TO DO: Entries below include pictures. Output exactly the lines from the one with "Fréquence voulue/1 ->" down to the one with "Courant max : Gain", both ends included, and leave the pictures out.

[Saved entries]
################

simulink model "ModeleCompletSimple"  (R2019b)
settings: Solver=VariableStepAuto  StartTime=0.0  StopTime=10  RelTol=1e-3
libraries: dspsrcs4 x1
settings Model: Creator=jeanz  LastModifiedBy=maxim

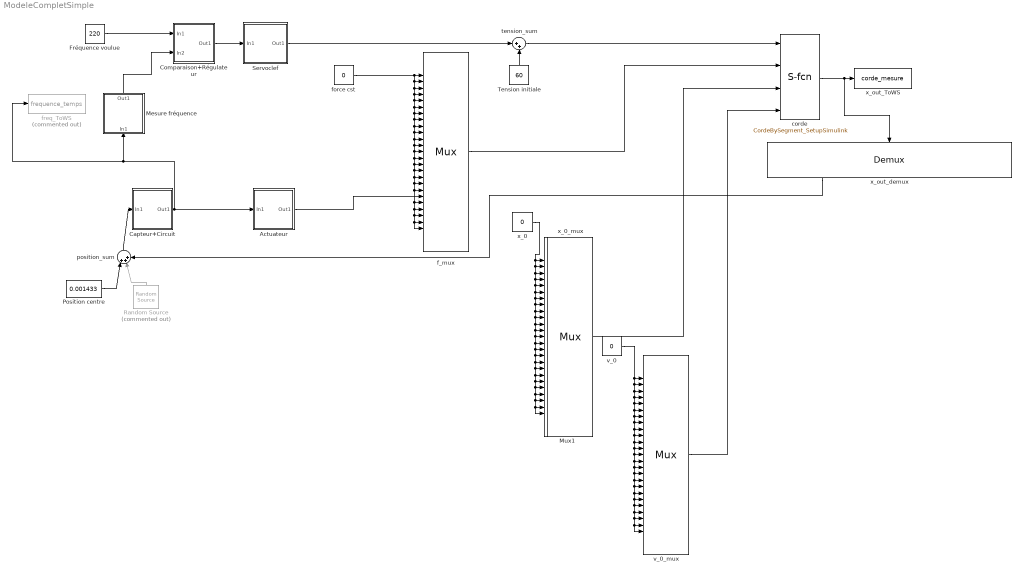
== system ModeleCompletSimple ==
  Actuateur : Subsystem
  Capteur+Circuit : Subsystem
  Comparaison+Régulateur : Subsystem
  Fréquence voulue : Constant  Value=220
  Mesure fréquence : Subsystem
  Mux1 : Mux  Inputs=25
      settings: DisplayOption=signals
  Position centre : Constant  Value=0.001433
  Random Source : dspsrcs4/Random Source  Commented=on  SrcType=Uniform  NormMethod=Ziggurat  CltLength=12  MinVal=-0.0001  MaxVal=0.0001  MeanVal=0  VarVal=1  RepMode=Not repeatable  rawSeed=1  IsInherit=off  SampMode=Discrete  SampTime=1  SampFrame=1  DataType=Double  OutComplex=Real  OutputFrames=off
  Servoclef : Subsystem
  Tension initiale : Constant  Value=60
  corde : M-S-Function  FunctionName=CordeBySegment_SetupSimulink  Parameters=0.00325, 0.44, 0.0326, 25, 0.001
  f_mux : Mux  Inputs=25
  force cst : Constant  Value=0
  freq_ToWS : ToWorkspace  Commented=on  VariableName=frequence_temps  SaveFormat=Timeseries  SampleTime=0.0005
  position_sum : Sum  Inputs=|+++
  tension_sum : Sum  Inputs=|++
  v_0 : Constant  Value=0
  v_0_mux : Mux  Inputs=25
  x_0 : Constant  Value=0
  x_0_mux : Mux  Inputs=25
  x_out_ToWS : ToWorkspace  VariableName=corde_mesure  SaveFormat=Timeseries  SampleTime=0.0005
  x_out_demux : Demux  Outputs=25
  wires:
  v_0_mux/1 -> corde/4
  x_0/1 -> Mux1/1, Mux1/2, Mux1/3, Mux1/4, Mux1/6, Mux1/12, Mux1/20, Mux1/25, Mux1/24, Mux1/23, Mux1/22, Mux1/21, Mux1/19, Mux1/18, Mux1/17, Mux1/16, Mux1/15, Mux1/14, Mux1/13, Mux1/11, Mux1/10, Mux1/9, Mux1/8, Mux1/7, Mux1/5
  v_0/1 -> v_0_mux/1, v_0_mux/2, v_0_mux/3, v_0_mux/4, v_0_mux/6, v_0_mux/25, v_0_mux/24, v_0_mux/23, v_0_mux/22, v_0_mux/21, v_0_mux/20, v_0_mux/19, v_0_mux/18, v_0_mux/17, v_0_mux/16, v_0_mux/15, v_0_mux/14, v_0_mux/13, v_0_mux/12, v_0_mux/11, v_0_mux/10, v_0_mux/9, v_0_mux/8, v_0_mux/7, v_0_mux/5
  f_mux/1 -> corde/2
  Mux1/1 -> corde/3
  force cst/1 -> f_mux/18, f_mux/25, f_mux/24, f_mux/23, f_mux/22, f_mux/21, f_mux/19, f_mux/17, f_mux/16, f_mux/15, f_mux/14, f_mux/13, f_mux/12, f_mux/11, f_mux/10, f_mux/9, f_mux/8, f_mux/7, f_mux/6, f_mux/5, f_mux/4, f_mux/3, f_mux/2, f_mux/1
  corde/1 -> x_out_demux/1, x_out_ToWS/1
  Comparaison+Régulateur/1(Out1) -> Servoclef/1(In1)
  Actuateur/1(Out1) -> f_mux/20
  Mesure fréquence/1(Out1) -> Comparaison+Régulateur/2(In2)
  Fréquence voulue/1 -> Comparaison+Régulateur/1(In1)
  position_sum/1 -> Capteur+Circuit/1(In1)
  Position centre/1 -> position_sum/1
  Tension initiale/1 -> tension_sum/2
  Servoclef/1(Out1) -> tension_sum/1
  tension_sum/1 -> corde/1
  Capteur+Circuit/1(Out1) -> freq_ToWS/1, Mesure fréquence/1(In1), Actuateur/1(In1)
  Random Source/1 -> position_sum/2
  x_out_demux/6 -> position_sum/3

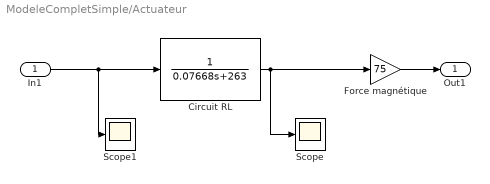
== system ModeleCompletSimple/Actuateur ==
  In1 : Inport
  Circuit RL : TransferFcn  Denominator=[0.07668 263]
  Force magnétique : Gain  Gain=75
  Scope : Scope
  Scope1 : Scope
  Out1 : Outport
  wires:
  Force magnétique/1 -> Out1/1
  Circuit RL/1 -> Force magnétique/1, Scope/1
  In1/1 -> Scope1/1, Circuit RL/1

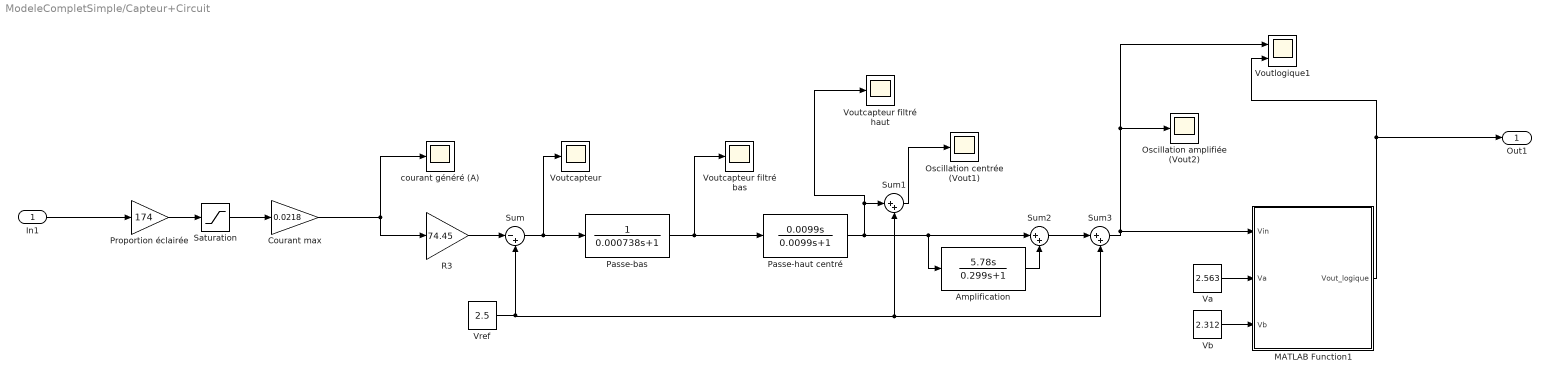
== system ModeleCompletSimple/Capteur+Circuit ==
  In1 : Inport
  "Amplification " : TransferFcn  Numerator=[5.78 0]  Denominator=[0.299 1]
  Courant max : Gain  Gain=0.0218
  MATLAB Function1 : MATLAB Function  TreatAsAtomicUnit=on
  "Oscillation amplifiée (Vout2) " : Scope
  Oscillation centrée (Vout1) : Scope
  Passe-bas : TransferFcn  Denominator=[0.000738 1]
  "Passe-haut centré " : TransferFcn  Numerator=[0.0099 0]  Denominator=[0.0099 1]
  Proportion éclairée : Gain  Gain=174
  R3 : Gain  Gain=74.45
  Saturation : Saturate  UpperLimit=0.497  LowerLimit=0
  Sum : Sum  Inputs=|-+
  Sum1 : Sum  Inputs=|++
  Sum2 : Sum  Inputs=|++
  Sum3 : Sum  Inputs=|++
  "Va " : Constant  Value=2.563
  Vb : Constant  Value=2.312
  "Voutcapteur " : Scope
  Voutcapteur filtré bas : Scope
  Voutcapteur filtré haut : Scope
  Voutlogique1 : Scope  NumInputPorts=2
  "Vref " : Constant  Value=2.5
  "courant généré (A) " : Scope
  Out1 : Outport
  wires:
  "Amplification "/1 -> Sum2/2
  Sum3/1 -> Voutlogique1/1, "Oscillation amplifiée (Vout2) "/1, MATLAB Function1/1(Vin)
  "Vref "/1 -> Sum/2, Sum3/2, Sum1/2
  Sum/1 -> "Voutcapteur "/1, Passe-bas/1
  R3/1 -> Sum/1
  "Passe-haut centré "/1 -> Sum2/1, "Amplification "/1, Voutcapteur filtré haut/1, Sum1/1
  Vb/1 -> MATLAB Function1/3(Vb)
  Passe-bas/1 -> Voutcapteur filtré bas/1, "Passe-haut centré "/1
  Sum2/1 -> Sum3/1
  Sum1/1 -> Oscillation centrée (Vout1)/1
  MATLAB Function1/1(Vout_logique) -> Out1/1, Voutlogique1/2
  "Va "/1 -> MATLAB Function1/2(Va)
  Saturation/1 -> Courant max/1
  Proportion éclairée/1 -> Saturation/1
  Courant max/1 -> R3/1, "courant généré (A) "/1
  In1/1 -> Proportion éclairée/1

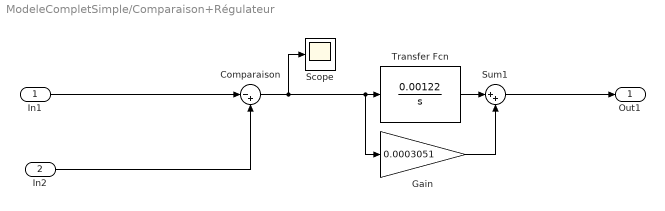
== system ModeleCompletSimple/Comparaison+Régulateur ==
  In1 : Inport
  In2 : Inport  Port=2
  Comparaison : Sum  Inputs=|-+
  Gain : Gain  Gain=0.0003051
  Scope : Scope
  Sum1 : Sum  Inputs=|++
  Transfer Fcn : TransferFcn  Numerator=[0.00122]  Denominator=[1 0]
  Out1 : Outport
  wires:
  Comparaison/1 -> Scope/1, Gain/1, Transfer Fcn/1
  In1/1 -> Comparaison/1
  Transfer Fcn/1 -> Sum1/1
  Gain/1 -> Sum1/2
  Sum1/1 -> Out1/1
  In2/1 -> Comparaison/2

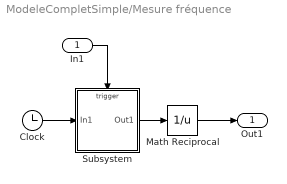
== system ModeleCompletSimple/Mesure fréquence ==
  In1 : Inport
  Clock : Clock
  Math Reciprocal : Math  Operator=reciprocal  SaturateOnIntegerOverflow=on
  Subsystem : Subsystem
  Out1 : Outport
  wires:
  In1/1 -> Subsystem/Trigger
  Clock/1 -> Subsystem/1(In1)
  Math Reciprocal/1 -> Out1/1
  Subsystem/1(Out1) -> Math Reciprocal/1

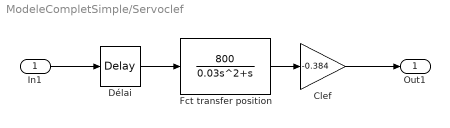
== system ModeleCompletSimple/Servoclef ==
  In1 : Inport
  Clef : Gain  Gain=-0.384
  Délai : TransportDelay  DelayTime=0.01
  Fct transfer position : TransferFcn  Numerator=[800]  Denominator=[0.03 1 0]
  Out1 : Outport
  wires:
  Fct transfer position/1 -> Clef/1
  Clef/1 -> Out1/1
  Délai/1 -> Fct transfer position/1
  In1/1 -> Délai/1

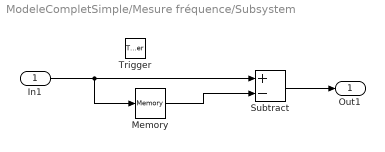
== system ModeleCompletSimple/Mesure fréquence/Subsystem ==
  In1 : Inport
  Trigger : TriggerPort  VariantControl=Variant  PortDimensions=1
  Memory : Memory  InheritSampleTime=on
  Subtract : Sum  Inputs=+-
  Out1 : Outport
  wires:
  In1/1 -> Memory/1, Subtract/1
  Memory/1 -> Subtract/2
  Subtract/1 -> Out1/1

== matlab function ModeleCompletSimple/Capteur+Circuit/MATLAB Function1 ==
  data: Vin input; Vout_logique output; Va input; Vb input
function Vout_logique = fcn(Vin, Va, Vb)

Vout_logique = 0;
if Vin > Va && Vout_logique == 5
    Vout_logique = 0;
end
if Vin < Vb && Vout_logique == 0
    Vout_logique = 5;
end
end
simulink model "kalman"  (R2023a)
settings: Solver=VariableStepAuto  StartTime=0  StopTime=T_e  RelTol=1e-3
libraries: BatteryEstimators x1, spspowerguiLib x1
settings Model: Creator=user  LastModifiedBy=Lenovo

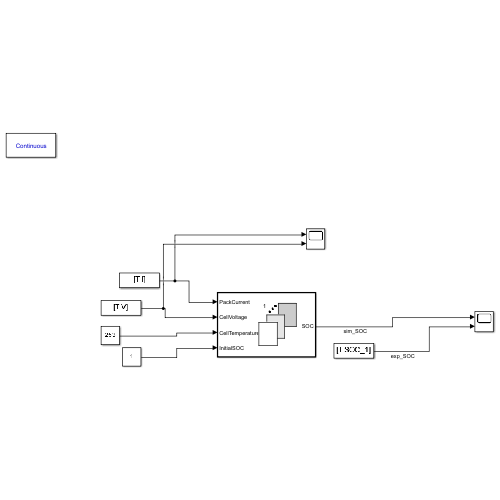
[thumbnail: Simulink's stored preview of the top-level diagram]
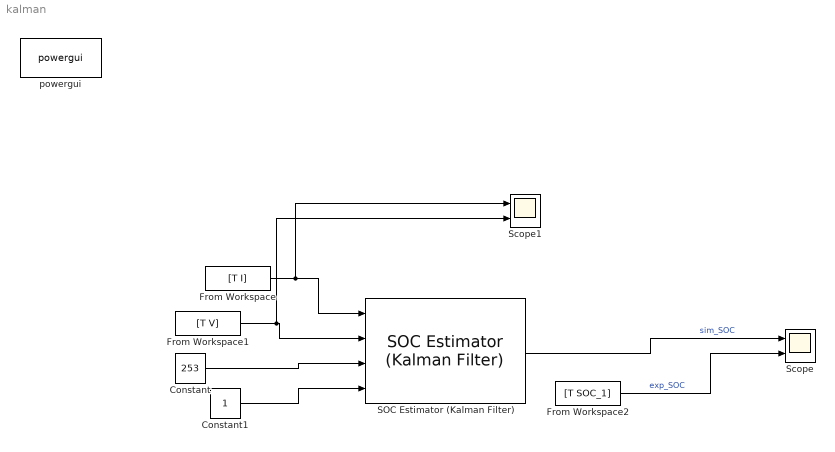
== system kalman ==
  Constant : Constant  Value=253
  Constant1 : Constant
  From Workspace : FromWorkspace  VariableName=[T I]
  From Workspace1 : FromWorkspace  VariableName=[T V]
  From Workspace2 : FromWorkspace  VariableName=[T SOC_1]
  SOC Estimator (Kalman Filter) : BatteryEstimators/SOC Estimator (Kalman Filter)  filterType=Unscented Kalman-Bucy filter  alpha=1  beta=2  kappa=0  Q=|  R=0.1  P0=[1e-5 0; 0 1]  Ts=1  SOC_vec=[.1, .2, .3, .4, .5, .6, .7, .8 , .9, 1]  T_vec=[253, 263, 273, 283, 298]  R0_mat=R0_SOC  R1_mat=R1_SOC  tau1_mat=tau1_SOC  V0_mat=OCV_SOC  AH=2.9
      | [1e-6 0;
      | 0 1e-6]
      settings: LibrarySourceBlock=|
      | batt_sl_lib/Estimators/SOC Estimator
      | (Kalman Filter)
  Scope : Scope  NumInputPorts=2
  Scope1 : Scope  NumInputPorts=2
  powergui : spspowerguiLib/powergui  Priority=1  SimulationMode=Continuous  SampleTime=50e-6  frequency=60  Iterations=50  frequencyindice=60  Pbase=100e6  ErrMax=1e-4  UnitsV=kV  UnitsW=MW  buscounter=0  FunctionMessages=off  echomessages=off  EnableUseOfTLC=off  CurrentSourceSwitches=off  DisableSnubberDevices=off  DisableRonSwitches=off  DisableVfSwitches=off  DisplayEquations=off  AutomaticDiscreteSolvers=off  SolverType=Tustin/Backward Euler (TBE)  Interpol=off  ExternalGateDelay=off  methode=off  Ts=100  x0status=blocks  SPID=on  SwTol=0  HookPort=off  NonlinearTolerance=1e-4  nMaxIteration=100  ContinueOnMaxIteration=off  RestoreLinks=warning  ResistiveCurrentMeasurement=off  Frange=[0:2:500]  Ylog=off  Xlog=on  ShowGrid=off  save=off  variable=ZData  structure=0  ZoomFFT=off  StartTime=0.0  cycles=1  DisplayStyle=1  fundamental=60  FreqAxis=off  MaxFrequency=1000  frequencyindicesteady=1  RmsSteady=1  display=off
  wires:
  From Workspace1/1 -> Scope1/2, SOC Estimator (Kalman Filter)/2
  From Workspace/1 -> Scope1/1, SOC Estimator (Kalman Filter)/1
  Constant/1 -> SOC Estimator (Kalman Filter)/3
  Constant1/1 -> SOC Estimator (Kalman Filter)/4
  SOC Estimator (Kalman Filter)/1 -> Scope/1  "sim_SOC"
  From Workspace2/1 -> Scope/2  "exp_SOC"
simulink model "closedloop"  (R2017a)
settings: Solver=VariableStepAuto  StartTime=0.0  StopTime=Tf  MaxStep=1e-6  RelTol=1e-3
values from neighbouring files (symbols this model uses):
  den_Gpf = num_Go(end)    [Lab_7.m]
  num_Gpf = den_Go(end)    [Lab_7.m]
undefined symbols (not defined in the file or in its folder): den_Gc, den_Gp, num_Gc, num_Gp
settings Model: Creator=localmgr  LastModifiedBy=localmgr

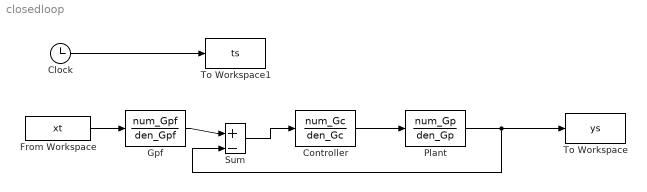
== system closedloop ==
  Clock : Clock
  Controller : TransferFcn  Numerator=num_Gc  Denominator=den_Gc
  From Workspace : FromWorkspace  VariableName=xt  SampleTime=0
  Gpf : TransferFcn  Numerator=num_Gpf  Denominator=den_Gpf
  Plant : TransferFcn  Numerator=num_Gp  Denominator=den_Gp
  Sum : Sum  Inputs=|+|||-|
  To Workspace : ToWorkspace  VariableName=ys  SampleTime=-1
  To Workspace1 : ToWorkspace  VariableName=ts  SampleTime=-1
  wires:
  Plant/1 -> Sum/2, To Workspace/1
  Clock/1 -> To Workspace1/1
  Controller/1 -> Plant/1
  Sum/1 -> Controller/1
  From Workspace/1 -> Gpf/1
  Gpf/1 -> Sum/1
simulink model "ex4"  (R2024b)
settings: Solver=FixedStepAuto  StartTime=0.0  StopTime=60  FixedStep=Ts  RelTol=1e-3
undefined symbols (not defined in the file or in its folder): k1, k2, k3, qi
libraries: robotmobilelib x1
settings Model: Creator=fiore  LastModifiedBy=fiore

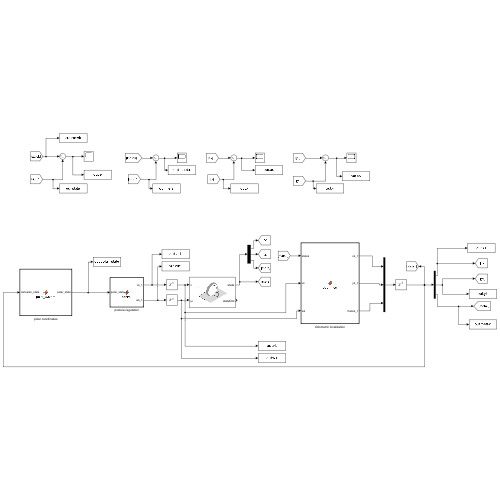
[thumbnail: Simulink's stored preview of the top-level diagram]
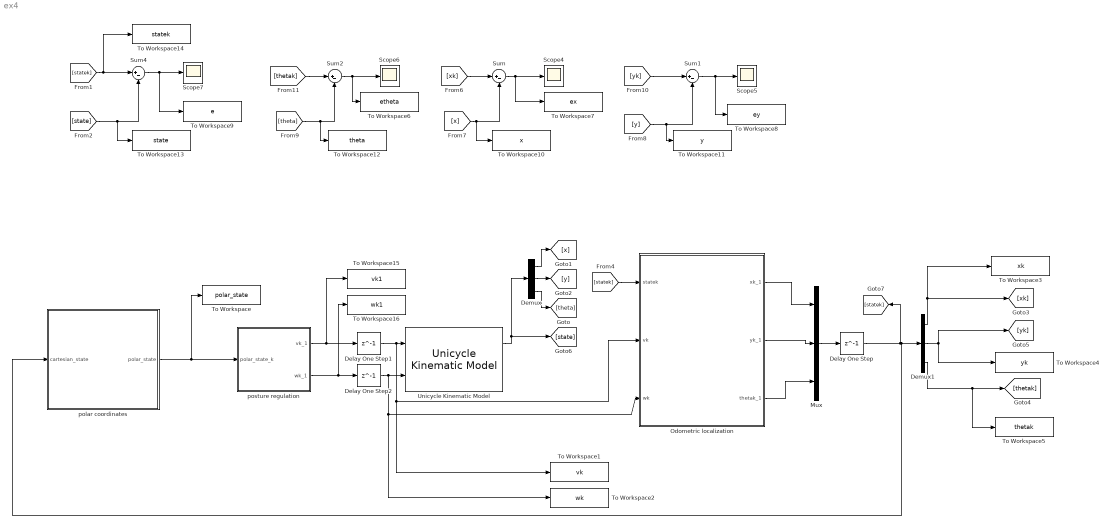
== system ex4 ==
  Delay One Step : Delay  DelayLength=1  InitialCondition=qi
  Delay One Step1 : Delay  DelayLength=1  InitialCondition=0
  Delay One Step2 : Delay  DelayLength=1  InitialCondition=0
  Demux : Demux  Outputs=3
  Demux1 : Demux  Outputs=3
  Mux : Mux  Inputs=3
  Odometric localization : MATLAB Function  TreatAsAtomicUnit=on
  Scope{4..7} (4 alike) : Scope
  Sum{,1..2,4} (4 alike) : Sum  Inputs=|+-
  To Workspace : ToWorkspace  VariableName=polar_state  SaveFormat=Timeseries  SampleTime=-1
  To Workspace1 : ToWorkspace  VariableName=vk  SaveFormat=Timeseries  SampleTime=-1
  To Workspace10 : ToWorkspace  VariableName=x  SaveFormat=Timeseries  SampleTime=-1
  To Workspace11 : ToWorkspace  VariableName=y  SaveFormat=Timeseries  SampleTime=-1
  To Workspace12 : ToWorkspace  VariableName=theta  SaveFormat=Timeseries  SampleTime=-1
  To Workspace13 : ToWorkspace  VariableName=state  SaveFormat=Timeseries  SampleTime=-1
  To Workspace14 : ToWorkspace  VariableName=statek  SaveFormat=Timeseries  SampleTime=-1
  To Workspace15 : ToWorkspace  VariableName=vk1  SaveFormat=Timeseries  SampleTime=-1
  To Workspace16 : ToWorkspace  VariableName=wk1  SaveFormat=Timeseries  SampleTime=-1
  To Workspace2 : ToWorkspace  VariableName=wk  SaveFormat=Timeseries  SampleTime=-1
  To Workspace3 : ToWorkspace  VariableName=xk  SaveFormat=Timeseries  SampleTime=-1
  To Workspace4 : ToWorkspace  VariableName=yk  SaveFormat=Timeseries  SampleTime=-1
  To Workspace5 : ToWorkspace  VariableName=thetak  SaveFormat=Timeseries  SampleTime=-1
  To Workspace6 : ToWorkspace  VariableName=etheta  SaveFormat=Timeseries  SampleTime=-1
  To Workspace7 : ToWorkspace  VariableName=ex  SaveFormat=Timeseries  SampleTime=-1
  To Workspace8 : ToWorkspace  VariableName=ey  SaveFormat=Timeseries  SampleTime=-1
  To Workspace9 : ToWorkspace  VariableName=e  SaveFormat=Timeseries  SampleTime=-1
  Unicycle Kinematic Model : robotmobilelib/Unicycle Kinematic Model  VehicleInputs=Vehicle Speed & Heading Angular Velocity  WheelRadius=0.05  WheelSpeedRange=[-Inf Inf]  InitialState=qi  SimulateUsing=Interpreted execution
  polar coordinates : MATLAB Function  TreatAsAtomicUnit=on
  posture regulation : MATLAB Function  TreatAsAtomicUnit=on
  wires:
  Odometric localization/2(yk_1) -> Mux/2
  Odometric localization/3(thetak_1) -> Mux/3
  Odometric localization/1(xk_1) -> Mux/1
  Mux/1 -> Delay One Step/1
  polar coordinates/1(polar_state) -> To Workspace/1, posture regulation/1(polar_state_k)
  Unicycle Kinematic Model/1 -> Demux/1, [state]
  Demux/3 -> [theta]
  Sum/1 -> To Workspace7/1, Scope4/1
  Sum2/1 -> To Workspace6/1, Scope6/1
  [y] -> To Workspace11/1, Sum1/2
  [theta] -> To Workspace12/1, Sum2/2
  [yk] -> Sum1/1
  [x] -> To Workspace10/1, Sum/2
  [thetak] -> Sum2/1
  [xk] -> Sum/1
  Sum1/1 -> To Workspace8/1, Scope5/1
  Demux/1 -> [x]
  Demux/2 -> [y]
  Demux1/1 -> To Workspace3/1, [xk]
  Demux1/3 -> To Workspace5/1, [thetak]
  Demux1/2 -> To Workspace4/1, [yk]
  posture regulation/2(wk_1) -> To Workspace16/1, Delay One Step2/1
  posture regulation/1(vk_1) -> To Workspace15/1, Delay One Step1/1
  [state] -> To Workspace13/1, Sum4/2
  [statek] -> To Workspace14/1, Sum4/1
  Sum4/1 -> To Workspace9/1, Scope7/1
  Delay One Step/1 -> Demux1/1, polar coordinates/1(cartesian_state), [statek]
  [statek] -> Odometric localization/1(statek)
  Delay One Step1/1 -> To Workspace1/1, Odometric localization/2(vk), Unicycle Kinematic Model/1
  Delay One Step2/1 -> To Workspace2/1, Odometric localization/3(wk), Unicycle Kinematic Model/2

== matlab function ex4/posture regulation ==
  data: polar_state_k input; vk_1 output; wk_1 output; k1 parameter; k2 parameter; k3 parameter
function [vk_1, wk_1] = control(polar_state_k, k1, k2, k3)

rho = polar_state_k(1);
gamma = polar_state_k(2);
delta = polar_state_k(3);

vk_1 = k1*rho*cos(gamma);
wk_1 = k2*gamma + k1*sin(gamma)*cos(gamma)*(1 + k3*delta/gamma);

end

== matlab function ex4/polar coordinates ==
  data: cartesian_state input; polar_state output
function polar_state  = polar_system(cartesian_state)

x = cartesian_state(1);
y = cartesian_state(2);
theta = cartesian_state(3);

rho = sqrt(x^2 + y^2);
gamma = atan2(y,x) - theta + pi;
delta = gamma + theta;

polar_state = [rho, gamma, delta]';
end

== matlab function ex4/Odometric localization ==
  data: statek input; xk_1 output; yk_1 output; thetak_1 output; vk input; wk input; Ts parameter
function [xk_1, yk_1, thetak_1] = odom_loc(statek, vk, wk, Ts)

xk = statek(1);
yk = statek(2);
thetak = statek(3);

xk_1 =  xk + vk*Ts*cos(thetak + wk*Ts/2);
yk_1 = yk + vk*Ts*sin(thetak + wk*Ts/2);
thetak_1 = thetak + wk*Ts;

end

################

SOLUTION:
  Fréquence voulue/1 -> Comparaison+Régulateur/1(In1)
  position_sum/1 -> Capteur+Circuit/1(In1)
  Position centre/1 -> position_sum/1
  Tension initiale/1 -> tension_sum/2
  Servoclef/1(Out1) -> tension_sum/1
  tension_sum/1 -> corde/1
  Capteur+Circuit/1(Out1) -> freq_ToWS/1, Mesure fréquence/1(In1), Actuateur/1(In1)
  Random Source/1 -> position_sum/2
  x_out_demux/6 -> position_sum/3

== system ModeleCompletSimple/Actuateur ==
  In1 : Inport
  Circuit RL : TransferFcn  Denominator=[0.07668 263]
  Force magnétique : Gain  Gain=75
  Scope : Scope
  Scope1 : Scope
  Out1 : Outport
  wires:
  Force magnétique/1 -> Out1/1
  Circuit RL/1 -> Force magnétique/1, Scope/1
  In1/1 -> Scope1/1, Circuit RL/1

== system ModeleCompletSimple/Capteur+Circuit ==
  In1 : Inport
  "Amplification " : TransferFcn  Numerator=[5.78 0]  Denominator=[0.299 1]
  Courant max : Gain  Gain=0.0218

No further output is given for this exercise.